Fancy sharing some pics of you huskies or malamutes?????

Go crazy


----------



## sparkie1984

ok ill get us started 
sasha in her chair..... she'll sit there for hours just chilling


----------



## Matrix/Logan

Does Blade count? He is half malamute!! LOL


----------



## sparkie1984

Course he counts 

Any similar dogs welcome!

He's gorgeous


----------



## Matrix/Logan

Thanks hun, loving yours in the chair!! So funny.... hehehe :thumbup:
beautiful too! X


----------



## sparkie1984

Thanks 

Is that a German shepherd i see too? Love them so much!!!!!


----------



## Matrix/Logan

sparkie1984 said:


> Thanks
> 
> Is that a German shepherd i see too? Love them so much!!!!!


Yes i have a gsd and a lab x and the gsd x malamute pupster!! :thumbup:


----------



## sparkie1984

Got any pics of the gsd? Love them, was a close call between gsd and husky for us, but the husky won!


----------



## simplysardonic

Love this thread:thumbup:


Matrix/Logan said:


> Does Blade count? He is half malamute!! LOL


He doubly counts being a bit of both
Love the sig pic BTW, Bob & Gem do this, it doesn't look at all comfortable!

This is Bob, who's half husky, although only his tail gives any indication of this:blushing:


----------



## xhuskyloverx

Heres Bella she is husky x malamute 

Lots of piccies lol

Laying in the snow.




Having a paddle.


Just woken up - looks a bit rough bless her 




Stood on some hay bails.


Snoozing.


BTW Sasha is gorgeous  Love the pic of her in the chair lol


----------



## sparkie1984

Bobs cool!!!!!

Anymore piccies of him?don't think he'd blend in the snow too well lol


----------



## francesandjon

Koda, our Northern Inuit x Siberian Husky


----------



## xhuskyloverx

Koda is so cute  Love the spot above her nose lol


----------



## francesandjon

xhuskyloverx said:


> Koda is so cute  Love the spot above her nose lol


I'll pass that on to.....HIM! lol


----------



## sparkie1984

Love koda


----------



## xhuskyloverx

francesandjon said:


> I'll pass that on to.....HIM! lol


ooops sorry Koda


----------



## sparkie1984

Anyone else?????

Must be more husky owners on here


----------



## Matrix/Logan

sparkie1984 said:


> Got any pics of the gsd? Love them, was a close call between gsd and husky for us, but the husky won!


Just for you!

He is now 17months old and such a gorgeous boy by nature (and looks, but i am biased!! LOL)


----------



## sparkie1984

He's absolutely gorgeous!!!!! I want one!!!!!

Where's noushka with some husky pics when we need her.....

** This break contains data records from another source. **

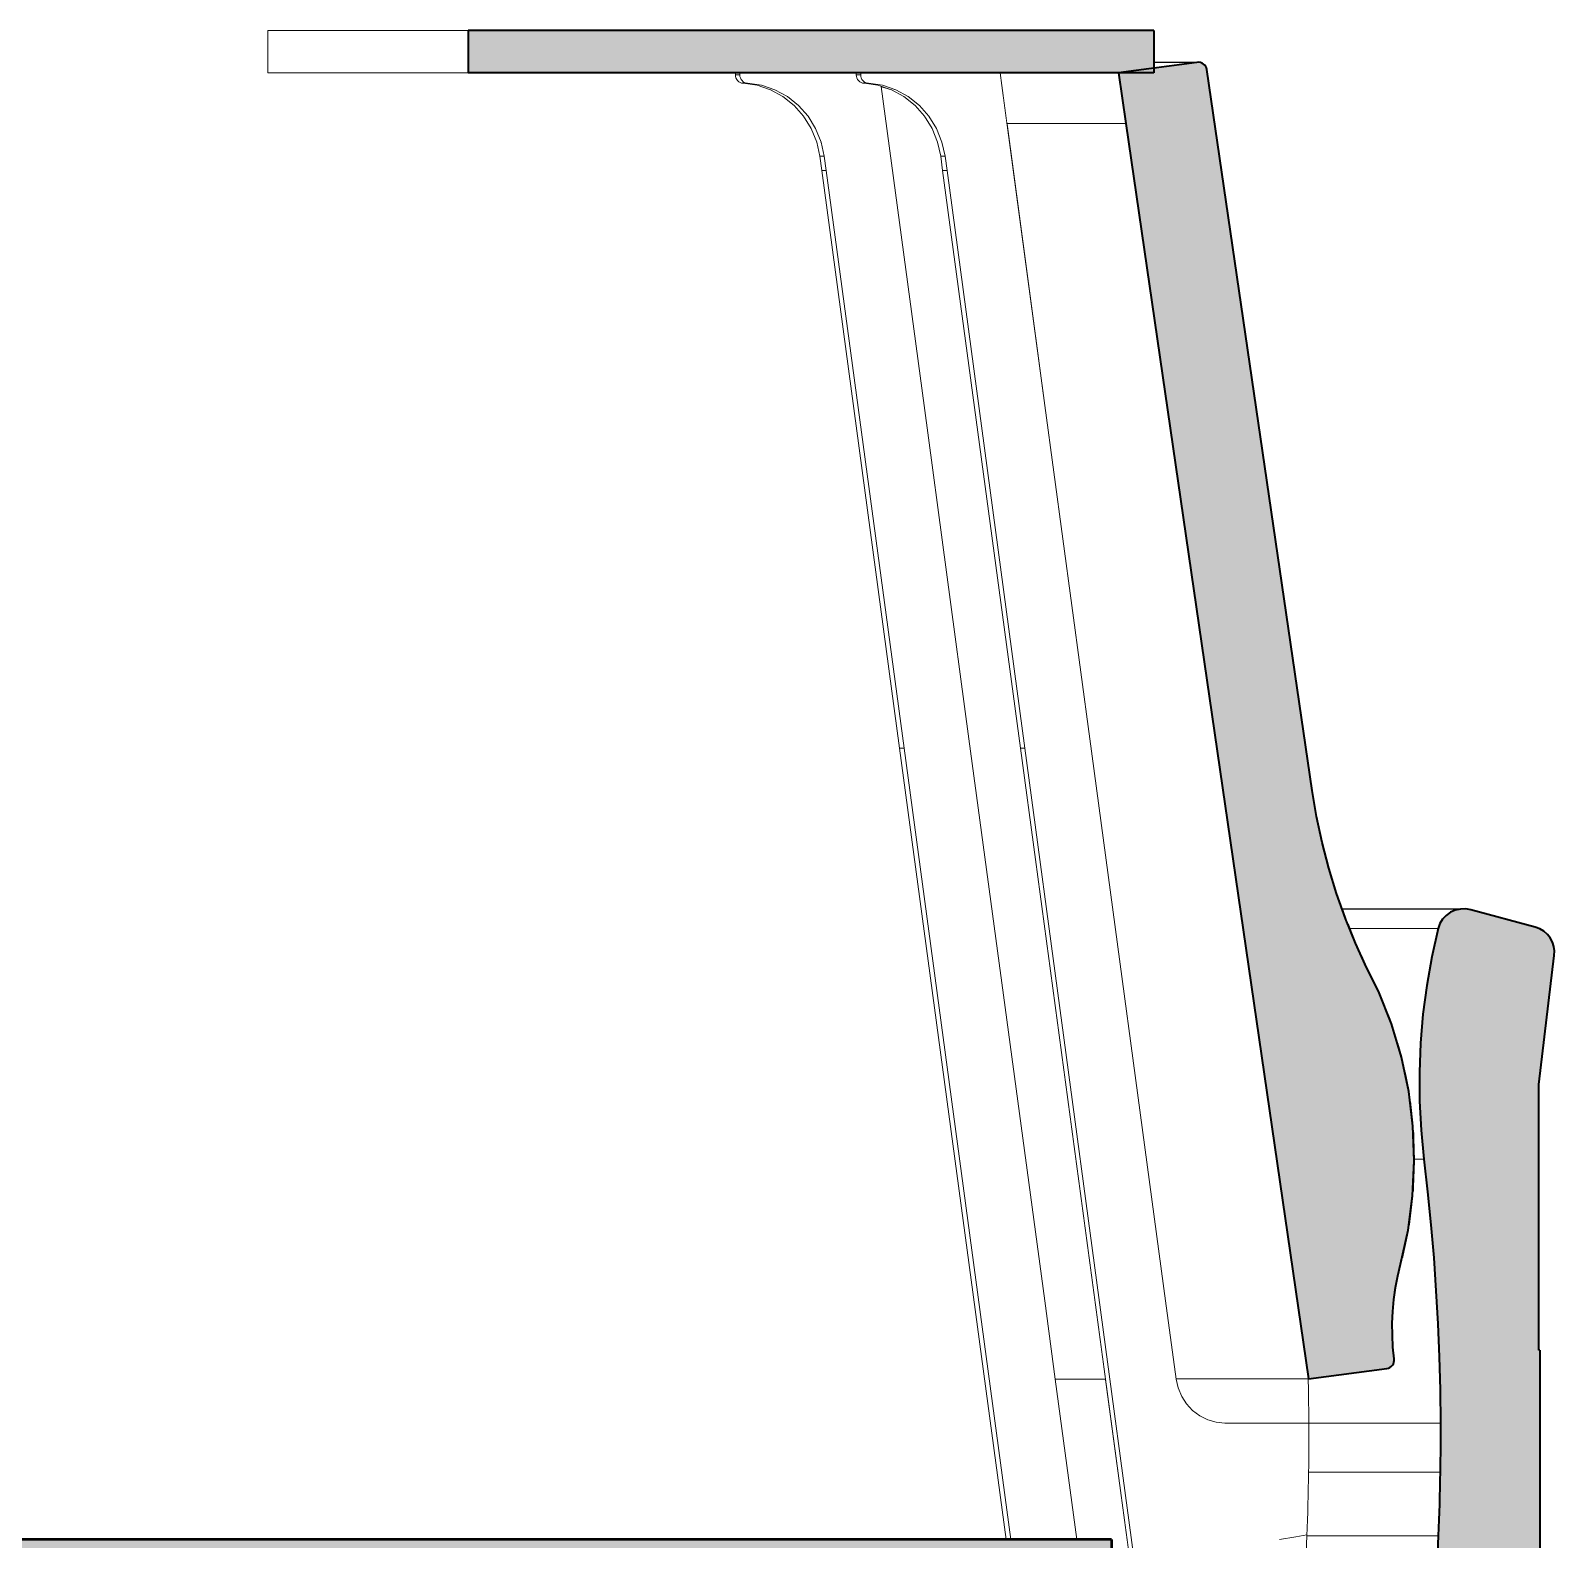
# Model space of a CAD drawing. Header units: millimetres. Extents: x -46169 to 135069, y -86316 to 18123.
# Drawn here: x 120092 to 120990, y -80129 to -79240 of the extents above; entities that cross this region are included whole.
import ezdxf

# ---------------------------------------------------------------- set-up
doc = ezdxf.new("R2010")
doc.units = ezdxf.units.MM
doc.header["$MEASUREMENT"] = 0
doc.linetypes.add('Wipeout_Contour', pattern=[1000, 0, -1000])
for name, color, linetype in [('New_A-20-M_Floor_Slab', 7, 'Continuous'), ('New_A-25-M_Wall_Int', 7, 'Continuous'), ('New_A-35-M_FFE_Fixed', 7, 'Continuous')]:
    doc.layers.add(name, color=color, linetype=linetype)
for name, color, linetype, lineweight, true_color in [('New_A-20-M_Floor_Slab_Pen_No__29', 7, 'Continuous', 50, 0x2a2a2a), ('New_A-20-M_Floor_Slab_Pen_No__81', 7, 'Continuous', 20, 0x6a6a6a), ('New_A-35-M_FFE_Fixed_Pen_No__104', 7, 'Continuous', 15, 0xa6a6a6), ('New_A-35-M_FFE_Fixed_Pen_No__44', 7, 'Continuous', 35, 0x444444)]:
    doc.layers.add(name, color=color, linetype=linetype, lineweight=lineweight, true_color=true_color)
doc.layers.add('New_A-35-M_FFE_Fixed_Pen_No__93', color=8, linetype='Continuous', lineweight=13)

# ---------------------------------------------------------------- blocks, each defined once
blk = doc.blocks.new('Section Elem_15_3', base_point=(188935.42, -81480.18))
at = {"color": 254, "linetype": 'Wipeout_Contour', "lineweight": 0, "ltscale": 1014448.611588132}
blk.add_wipeout([(120695.71, -80034.31), (120708.44, -80128.68), (120728.84, -80128.68), (120728.84, -80279.96), (120731.19, -80297.43), (120760.77, -80297.43), (120725.29, -80034.31)], dxfattribs=at).dxf.layer = 'New_A-25-M_Wall_Int'
at = {"color": 254, "linetype": 'Wipeout_Contour', "lineweight": 0, "ltscale": 1883818.565570059}
blk.add_wipeout([(120766.88, -80034.23), (120766.89, -80034.31), (120768.06, -80039.53), (120770.11, -80044.46), (120772.98, -80048.92), (120776.57, -80052.79), (120780.76, -80055.94), (120785.43, -80058.26), (120790.43, -80059.68), (120795.59, -80060.16), (120845.03, -80060.16), (120844.81, -80040.69), (120844.65, -80034.23)], dxfattribs=at).dxf.layer = 'New_A-25-M_Wall_Int'
blk = doc.blocks.new('Section Elem_82_3', base_point=(188935.42, -81480.18))
at = {"layer": 'New_A-35-M_FFE_Fixed_Pen_No__44', "linetype": 'Continuous'}
blk.add_line((120980.97, -80017.16), (120980.42, -80017.16), dxfattribs=at)
at = {"layer": 'New_A-35-M_FFE_Fixed_Pen_No__44', "linetype": 'Continuous', "flags": 128}
blk.add_lwpolyline([(120980.97, -80017.16), (120980.97, -80149.16), (120980.97, -80161.16)], dxfattribs=at)
at = {"color": 254, "linetype": 'Wipeout_Contour', "lineweight": 0, "ltscale": 576207.186513}
blk.add_wipeout([(120232.03, -79240.26), (120232.03, -79265.26), (120349.92, -79265.26), (120349.92, -79240.26)], dxfattribs=at).dxf.layer = 'New_A-35-M_FFE_Fixed'
at = {"color": 254, "linetype": 'Wipeout_Contour', "lineweight": 0, "ltscale": 577810.741473}
blk.add_wipeout([(120753.68, -79259.04), (120779.12, -79259.04), (120780.13, -79259), (120753.68, -79259)], dxfattribs=at).dxf.layer = 'New_A-35-M_FFE_Fixed'
at = {"color": 254, "linetype": 'Wipeout_Contour', "lineweight": 0, "ltscale": 576962.99044}
blk.add_wipeout([(120507.32, -79265.26), (120507.32, -79266.34), (120509.91, -79266.34), (120509.91, -79265.26)], dxfattribs=at).dxf.layer = 'New_A-35-M_FFE_Fixed'
at = {"color": 254, "linetype": 'Wipeout_Contour', "lineweight": 0, "ltscale": 577205.844652}
blk.add_wipeout([(120581.17, -79267.28), (120578.58, -79267.28), (120578.84, -79268.19), (120581.43, -79268.19)], dxfattribs=at).dxf.layer = 'New_A-35-M_FFE_Fixed'
at = {"color": 254, "linetype": 'Wipeout_Contour', "lineweight": 0, "ltscale": 577005.462701}
blk.add_wipeout([(120514.47, -79271.33), (120511.88, -79271.33), (120520.1, -79272.55), (120522.69, -79272.55)], dxfattribs=at).dxf.layer = 'New_A-35-M_FFE_Fixed'
at = {"color": 254, "linetype": 'Wipeout_Contour', "lineweight": 0, "ltscale": 577102.832231}
blk.add_wipeout([(120541.9, -79284.46), (120544.49, -79284.46), (120537.92, -79279.21), (120535.33, -79279.21)], dxfattribs=at).dxf.layer = 'New_A-35-M_FFE_Fixed'
at = {"color": 254, "linetype": 'Wipeout_Contour', "lineweight": 0, "ltscale": 577197.163366}
blk.add_wipeout([(120555.18, -79305.97), (120557.77, -79305.97), (120554.56, -79298.04), (120551.97, -79298.04)], dxfattribs=at).dxf.layer = 'New_A-35-M_FFE_Fixed'
at = {"color": 254, "linetype": 'Wipeout_Contour', "lineweight": 0, "ltscale": 577405.545289}
blk.add_wipeout([(120621.27, -79290.8), (120618.68, -79290.8), (120623.15, -79298.04), (120625.74, -79298.04)], dxfattribs=at).dxf.layer = 'New_A-35-M_FFE_Fixed'
at = {"color": 254, "linetype": 'Wipeout_Contour', "lineweight": 0, "ltscale": 577247.007185}
blk.add_wipeout([(120558.17, -79322.78), (120560.76, -79322.78), (120559.62, -79314.34), (120557.03, -79314.34)], dxfattribs=at).dxf.layer = 'New_A-35-M_FFE_Fixed'
at = {"color": 254, "linetype": 'Wipeout_Contour', "lineweight": 0, "ltscale": 577484.869446}
blk.add_wipeout([(120628.21, -79314.34), (120629.34, -79322.78), (120631.93, -79322.78), (120630.8, -79314.34)], dxfattribs=at).dxf.layer = 'New_A-35-M_FFE_Fixed'
at = {"color": 254, "linetype": 'Wipeout_Contour', "lineweight": 0, "ltscale": 579346.331855}
blk.add_wipeout([(120928.39, -79759.46), (120865.2, -79759.46), (120865.84, -79761.24), (120925.87, -79761.24)], dxfattribs=at).dxf.layer = 'New_A-35-M_FFE_Fixed'
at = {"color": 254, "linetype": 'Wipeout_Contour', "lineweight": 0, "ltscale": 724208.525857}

Thanks for posting the gsd pics


----------



## Matrix/Logan

sparkie1984 said:


> He's absolutely gorgeous!!!!! I want one!!!!!
> 
> Where's noushka with some husky pics when we need her.....
> 
> Thanks for posting the gsd pics


Thank you and that's okay i love sharing my boys! :thumbup:


----------



## LouJ69

Here's a few pics of my little girl Alpha. She's 3 months old now, but these are some older pictures of her. I'll get some more up soon though! Promise!


----------



## LouJ69

Another few pictures:


----------



## Matrix/Logan

LouJ69 said:


> Another few pictures:


Beautiful!! Looks like she is getting darker?! :thumbup:


----------



## LouJ69

Matrix/Logan said:


> Beautiful!! Looks like she is getting darker?! :thumbup:


Thank you-she has us wrapped around her little paw anyway!:lol:
Yeah, she seems to be getting a bit darker-there are a couple of red Siberians on her dad's side of the family tree, so maybe that's influencing her colour now.
Trust me to have a ginger!!!:lol:


----------



## sparkie1984

She is stunning!!!!!

Bless her! How you enjoying her? First husky?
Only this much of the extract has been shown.